WHAT THE TASK REQUIRES ->
Copy every line of the records that includes the word "sqrt".
__________
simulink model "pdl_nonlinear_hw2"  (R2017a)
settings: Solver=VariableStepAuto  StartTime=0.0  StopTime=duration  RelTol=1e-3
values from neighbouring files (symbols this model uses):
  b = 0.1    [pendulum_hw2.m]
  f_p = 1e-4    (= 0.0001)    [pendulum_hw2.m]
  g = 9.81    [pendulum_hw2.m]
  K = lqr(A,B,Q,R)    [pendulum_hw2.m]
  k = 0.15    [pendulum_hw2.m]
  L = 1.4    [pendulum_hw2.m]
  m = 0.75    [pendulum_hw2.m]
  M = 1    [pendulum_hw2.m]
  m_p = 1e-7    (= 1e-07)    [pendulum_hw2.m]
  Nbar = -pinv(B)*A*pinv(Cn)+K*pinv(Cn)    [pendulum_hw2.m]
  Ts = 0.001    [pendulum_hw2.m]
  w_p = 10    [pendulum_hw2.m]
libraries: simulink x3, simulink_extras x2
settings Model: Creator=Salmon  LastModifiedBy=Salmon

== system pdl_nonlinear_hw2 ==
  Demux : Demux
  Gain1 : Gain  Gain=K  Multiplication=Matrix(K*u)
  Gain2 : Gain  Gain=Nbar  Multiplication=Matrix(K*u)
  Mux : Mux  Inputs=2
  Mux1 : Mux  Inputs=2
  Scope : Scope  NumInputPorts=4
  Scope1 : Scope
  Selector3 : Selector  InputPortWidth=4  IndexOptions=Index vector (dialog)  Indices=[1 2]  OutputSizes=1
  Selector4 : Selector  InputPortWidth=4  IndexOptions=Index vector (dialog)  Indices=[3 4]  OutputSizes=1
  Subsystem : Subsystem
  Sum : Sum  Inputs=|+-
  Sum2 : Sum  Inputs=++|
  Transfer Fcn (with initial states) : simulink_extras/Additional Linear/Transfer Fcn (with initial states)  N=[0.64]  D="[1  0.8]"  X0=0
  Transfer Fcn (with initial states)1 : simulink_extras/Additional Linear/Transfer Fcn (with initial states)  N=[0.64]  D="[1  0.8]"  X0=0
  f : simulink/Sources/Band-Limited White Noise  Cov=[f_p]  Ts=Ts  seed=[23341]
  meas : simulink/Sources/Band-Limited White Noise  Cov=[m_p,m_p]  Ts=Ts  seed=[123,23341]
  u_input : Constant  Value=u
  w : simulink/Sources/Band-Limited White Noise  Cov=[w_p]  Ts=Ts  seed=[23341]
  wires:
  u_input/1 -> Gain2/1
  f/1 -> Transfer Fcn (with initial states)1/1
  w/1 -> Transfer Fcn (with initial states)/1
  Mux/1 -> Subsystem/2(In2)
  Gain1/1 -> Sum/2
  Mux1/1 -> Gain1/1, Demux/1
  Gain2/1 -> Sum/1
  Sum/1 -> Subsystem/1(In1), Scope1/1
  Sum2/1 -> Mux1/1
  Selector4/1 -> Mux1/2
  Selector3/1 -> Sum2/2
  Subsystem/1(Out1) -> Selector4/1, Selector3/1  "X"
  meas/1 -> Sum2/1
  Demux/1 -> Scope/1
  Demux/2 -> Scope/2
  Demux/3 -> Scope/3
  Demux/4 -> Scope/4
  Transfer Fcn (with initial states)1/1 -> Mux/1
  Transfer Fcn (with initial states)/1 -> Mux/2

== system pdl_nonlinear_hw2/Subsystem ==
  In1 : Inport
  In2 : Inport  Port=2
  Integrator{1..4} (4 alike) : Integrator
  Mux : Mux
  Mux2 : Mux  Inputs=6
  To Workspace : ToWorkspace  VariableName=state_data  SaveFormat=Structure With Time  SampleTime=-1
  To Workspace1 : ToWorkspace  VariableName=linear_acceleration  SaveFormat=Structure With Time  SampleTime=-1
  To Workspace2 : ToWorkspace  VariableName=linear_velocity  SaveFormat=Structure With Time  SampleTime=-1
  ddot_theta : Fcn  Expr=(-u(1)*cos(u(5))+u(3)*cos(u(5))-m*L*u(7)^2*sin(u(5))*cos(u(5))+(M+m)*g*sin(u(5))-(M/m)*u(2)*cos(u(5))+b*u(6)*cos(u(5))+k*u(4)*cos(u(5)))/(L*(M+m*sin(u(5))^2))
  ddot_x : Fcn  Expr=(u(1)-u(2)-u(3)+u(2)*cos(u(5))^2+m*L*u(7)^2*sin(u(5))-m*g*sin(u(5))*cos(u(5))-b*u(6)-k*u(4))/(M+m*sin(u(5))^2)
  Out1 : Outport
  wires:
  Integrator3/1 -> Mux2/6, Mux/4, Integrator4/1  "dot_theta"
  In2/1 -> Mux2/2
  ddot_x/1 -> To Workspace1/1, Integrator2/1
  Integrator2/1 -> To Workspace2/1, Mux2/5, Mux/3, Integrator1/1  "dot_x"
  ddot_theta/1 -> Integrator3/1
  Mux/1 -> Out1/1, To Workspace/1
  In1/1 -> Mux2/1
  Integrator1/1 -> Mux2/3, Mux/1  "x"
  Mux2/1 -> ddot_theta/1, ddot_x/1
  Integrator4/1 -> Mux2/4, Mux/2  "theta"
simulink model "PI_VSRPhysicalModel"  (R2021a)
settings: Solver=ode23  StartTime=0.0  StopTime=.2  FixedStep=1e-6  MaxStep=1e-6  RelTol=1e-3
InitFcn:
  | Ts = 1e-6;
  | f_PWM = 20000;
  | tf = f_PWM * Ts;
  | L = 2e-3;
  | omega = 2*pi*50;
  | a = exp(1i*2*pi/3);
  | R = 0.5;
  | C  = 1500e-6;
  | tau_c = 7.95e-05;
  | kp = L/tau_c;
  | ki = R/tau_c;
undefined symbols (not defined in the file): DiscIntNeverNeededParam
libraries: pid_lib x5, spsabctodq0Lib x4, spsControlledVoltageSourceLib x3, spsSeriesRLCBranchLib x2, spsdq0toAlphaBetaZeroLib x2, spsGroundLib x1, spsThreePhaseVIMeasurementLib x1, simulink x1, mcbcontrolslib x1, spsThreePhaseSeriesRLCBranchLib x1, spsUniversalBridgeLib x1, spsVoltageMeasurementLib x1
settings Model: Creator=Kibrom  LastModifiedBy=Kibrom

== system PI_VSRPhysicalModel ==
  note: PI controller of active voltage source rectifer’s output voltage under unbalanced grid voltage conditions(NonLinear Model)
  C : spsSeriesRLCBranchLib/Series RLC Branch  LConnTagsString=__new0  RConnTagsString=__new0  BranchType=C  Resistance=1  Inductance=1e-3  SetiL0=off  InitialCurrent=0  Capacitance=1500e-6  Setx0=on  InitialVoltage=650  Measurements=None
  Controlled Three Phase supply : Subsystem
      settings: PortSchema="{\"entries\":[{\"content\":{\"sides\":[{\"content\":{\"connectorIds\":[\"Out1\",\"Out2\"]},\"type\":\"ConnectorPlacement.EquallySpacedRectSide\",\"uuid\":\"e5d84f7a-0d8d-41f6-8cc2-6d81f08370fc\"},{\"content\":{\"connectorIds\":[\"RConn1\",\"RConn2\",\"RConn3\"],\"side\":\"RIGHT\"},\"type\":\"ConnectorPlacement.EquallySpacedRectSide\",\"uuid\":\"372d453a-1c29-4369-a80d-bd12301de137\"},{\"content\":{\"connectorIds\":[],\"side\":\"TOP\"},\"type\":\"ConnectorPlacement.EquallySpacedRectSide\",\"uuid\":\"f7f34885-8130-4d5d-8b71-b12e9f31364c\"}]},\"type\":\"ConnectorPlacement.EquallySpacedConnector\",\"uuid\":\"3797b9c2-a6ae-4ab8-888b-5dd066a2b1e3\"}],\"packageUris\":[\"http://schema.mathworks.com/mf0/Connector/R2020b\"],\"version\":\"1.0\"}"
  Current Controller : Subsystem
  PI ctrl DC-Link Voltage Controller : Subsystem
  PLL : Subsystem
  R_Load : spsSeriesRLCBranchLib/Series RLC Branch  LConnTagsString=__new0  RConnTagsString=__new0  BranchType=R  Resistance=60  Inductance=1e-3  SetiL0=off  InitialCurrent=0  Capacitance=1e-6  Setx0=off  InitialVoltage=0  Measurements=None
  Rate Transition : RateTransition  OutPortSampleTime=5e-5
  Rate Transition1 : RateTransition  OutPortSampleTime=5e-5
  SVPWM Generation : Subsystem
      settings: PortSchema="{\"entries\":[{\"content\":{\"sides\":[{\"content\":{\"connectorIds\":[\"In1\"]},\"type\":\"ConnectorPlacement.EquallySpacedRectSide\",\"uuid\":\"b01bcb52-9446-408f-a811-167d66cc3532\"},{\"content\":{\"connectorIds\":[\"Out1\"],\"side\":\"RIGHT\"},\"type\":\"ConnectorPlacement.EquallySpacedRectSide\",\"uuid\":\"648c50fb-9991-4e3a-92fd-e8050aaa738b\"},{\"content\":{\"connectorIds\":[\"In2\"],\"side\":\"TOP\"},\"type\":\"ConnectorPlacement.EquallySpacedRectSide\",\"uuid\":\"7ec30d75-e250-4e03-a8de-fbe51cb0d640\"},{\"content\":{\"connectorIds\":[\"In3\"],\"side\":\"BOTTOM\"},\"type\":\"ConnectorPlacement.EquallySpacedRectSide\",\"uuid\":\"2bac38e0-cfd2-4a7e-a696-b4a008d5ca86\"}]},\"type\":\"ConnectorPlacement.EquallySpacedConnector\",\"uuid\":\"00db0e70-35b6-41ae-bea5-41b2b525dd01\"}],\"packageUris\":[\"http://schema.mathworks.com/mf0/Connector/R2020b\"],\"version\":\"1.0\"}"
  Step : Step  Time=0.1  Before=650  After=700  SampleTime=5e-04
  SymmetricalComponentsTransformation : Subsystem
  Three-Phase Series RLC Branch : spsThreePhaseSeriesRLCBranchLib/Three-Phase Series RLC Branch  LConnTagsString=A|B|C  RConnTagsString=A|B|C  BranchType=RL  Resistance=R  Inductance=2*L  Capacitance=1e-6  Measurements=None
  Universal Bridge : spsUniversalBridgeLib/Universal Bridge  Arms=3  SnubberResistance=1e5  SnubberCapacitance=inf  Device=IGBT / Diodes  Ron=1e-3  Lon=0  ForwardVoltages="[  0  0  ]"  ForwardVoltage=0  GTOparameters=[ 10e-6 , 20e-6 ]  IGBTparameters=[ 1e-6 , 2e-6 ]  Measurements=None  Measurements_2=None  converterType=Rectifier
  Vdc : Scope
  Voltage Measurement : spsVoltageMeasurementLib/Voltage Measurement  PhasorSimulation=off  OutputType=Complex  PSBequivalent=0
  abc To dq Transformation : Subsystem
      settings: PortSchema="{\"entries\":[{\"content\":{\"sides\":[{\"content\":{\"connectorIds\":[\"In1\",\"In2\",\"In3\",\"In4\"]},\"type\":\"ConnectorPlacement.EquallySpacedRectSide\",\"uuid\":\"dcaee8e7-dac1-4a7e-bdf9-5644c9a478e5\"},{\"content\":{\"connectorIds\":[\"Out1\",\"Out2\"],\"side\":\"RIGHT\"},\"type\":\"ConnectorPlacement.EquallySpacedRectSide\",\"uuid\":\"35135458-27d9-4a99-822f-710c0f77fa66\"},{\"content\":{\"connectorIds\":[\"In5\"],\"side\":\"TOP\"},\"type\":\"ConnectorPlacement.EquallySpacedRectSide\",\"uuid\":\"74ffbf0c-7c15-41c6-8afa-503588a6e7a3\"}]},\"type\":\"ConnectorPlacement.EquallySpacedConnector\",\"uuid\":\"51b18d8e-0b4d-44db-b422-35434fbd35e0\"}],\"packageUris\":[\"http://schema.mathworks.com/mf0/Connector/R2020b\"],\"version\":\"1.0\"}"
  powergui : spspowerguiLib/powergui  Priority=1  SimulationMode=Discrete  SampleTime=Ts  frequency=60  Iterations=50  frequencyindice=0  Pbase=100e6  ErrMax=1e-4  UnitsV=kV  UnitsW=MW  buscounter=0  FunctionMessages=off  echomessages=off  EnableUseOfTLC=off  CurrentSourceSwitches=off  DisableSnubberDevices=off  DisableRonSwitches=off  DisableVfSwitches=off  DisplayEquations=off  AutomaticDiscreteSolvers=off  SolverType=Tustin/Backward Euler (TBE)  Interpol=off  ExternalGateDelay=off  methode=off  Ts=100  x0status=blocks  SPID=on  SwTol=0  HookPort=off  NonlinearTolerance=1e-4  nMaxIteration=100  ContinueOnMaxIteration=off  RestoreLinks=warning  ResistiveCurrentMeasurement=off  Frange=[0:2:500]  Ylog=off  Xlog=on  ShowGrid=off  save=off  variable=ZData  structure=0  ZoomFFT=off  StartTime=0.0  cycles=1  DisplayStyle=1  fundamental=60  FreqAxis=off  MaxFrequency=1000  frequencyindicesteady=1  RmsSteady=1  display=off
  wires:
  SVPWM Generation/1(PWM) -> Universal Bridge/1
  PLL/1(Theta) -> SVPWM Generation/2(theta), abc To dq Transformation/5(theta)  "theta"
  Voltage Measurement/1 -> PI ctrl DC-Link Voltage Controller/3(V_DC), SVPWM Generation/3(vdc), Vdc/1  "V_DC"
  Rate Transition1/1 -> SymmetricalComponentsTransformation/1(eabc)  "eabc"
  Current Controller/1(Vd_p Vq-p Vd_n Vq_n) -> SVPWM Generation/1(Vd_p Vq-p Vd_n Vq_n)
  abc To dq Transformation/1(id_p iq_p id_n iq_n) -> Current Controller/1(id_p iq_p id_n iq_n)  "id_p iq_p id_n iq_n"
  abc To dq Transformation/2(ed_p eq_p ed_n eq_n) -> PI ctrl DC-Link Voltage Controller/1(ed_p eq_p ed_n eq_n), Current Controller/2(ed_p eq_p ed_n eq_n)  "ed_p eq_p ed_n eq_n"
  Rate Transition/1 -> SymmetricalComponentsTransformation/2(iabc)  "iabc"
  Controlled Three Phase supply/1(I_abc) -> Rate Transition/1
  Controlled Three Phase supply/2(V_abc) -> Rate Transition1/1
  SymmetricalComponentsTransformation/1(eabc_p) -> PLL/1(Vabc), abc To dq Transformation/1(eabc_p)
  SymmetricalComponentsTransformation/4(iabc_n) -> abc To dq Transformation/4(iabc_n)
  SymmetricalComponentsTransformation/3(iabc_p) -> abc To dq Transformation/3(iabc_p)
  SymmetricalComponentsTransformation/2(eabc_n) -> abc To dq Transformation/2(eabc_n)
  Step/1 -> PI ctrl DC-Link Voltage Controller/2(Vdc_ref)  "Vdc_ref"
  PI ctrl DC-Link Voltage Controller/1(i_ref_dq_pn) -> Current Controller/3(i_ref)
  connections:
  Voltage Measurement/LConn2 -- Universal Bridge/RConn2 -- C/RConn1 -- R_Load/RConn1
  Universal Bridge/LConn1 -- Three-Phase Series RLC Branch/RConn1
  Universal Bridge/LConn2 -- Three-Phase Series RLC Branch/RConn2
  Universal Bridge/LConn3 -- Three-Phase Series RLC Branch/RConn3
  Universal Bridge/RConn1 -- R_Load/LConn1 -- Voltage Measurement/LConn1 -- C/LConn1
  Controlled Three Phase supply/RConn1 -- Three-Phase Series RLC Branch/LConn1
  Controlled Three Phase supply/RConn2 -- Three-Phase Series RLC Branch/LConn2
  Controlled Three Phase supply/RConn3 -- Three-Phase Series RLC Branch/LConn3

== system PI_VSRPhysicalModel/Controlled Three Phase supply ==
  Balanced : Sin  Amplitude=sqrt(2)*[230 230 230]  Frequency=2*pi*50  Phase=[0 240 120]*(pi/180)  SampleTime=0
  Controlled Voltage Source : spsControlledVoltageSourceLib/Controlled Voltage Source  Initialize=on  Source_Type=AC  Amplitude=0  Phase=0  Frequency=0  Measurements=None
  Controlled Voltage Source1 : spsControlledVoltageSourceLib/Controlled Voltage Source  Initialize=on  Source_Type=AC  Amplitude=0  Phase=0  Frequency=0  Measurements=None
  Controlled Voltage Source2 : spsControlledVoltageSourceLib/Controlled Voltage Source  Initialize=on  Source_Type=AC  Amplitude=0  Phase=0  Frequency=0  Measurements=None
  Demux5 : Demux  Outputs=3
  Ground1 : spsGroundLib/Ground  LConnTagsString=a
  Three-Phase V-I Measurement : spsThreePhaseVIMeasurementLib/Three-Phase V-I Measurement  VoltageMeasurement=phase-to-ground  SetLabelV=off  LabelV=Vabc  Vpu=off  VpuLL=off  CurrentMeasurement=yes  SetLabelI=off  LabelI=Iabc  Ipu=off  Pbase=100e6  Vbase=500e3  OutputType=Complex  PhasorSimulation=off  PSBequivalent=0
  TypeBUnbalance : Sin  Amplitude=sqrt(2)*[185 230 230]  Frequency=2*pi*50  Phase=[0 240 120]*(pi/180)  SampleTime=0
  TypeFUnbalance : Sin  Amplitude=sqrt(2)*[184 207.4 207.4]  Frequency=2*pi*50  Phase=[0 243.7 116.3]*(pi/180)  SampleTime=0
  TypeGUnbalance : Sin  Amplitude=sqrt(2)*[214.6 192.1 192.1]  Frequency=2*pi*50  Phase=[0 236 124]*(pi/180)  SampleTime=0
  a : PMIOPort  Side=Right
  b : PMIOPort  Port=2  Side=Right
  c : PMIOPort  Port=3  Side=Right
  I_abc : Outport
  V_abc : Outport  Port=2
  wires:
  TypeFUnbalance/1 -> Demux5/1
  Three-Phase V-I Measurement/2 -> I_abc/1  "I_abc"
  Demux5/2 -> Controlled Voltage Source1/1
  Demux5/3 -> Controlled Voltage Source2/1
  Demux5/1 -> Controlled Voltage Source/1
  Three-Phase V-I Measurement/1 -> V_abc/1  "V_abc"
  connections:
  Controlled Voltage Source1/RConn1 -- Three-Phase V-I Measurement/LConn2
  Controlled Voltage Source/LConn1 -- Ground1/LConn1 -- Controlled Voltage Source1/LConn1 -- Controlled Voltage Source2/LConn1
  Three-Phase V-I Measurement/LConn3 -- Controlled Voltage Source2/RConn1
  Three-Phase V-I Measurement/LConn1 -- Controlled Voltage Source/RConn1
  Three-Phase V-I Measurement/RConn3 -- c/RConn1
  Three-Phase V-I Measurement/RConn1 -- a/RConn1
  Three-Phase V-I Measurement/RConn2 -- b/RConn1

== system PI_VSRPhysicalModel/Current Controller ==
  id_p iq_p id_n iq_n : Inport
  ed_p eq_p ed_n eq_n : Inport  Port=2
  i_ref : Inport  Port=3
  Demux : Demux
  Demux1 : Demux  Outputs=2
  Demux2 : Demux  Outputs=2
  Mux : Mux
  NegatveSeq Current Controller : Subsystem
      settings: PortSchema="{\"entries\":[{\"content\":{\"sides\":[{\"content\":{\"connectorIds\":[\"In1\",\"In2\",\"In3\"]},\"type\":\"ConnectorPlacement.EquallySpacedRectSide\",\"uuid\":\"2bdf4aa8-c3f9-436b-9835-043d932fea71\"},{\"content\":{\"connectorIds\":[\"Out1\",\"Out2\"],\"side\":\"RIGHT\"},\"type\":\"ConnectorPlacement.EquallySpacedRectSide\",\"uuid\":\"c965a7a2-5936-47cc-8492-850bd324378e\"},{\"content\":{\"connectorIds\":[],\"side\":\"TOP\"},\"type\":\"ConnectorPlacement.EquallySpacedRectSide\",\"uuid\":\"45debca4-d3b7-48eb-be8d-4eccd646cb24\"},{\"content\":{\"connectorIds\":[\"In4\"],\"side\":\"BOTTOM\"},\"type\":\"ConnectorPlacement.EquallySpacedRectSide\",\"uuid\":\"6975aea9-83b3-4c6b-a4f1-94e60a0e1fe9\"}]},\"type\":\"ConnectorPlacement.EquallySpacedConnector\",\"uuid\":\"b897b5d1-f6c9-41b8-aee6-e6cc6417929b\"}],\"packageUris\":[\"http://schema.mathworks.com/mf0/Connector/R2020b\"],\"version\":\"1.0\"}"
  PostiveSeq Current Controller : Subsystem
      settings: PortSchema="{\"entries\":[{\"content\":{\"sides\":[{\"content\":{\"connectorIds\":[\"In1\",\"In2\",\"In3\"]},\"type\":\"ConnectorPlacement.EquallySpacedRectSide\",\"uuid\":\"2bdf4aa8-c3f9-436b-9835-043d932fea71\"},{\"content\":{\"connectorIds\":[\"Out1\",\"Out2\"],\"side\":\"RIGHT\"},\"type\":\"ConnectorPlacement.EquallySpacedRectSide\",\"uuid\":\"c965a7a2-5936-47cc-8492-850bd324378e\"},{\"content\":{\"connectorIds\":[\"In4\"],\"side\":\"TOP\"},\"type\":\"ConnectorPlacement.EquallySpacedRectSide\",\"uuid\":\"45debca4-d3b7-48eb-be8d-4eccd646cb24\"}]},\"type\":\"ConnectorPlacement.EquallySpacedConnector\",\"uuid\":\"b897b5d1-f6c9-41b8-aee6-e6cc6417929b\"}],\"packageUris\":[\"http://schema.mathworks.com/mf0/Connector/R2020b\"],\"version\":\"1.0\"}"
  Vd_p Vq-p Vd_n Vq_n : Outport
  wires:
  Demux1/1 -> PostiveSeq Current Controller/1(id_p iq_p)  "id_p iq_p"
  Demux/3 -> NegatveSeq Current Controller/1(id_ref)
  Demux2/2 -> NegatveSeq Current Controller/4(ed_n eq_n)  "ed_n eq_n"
__________
ANSWER SECTION ->
  Balanced : Sin  Amplitude=sqrt(2)*[230 230 230]  Frequency=2*pi*50  Phase=[0 240 120]*(pi/180)  SampleTime=0
  TypeBUnbalance : Sin  Amplitude=sqrt(2)*[185 230 230]  Frequency=2*pi*50  Phase=[0 240 120]*(pi/180)  SampleTime=0
  TypeFUnbalance : Sin  Amplitude=sqrt(2)*[184 207.4 207.4]  Frequency=2*pi*50  Phase=[0 243.7 116.3]*(pi/180)  SampleTime=0
  TypeGUnbalance : Sin  Amplitude=sqrt(2)*[214.6 192.1 192.1]  Frequency=2*pi*50  Phase=[0 236 124]*(pi/180)  SampleTime=0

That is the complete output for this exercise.